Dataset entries
- - - - -
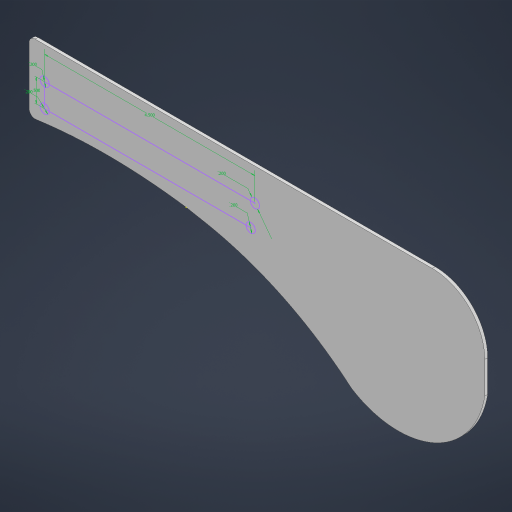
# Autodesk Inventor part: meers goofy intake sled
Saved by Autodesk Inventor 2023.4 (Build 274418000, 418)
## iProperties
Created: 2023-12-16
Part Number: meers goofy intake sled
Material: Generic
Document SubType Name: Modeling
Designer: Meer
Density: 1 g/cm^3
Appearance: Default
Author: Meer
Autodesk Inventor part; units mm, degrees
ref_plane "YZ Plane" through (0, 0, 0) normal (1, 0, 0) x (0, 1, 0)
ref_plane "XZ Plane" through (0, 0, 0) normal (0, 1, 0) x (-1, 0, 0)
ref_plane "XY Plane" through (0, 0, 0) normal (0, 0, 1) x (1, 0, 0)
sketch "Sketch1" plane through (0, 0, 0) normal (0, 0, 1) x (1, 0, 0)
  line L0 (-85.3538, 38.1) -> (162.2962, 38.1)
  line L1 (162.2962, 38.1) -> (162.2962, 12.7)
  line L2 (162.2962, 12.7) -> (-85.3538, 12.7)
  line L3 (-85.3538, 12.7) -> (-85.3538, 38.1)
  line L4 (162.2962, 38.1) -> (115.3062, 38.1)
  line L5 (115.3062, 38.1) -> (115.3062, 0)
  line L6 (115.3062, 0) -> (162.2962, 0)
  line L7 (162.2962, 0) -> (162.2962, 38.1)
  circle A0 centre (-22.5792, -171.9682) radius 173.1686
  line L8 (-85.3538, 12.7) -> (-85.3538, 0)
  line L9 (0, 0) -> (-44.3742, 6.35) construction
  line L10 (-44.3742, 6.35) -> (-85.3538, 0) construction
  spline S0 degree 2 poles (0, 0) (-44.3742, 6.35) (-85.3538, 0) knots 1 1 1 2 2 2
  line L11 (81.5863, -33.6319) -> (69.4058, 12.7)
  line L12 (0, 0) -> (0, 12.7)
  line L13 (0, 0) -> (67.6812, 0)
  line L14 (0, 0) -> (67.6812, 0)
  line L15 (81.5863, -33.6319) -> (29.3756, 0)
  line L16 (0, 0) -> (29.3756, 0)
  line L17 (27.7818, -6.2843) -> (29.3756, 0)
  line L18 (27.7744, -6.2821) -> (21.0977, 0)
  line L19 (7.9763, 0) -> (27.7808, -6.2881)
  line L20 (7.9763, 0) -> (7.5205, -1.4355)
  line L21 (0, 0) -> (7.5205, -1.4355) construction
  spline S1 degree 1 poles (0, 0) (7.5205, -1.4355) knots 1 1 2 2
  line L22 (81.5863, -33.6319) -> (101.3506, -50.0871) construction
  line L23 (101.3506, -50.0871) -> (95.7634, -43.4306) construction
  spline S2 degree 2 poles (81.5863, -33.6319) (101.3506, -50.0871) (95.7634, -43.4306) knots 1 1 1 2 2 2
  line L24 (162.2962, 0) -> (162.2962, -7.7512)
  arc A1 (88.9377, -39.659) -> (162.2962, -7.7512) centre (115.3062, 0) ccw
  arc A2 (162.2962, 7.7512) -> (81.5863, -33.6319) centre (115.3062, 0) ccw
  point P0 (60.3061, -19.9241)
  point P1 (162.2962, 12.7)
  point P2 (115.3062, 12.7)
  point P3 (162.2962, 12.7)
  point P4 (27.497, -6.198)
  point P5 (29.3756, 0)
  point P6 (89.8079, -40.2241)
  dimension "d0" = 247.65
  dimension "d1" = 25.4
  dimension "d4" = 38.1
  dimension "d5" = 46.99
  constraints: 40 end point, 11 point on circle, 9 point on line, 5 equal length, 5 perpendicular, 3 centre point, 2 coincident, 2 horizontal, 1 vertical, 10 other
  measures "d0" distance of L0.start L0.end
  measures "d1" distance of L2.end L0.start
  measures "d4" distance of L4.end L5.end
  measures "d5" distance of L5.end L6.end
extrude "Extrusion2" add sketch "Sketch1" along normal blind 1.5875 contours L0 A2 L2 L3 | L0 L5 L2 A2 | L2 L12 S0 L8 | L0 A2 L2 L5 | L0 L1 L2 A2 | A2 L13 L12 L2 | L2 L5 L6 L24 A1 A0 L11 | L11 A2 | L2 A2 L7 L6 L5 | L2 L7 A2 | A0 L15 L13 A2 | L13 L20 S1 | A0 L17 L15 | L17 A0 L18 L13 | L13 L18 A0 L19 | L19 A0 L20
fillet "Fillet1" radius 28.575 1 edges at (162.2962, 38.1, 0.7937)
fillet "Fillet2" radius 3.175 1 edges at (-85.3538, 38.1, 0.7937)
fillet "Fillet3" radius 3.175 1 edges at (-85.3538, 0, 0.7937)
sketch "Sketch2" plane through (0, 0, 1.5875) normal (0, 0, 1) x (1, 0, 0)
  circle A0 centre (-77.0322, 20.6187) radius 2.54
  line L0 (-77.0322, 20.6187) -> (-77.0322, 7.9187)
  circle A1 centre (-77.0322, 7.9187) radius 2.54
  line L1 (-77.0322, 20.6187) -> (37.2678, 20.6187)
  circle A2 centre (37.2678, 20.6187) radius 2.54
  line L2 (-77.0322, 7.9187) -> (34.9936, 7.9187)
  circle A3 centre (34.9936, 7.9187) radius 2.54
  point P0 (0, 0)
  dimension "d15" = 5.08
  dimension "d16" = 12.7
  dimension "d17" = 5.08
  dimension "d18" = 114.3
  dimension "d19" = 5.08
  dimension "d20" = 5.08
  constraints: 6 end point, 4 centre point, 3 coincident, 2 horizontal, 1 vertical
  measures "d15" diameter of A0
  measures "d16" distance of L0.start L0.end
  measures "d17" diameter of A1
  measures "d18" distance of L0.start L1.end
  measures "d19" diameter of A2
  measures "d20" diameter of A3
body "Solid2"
- - - - -
» TASK DESCRIPTION
Read through the entries and count the lines where "meers" appears; respond with the number only.

» SOLUTION TO THIS TASK
2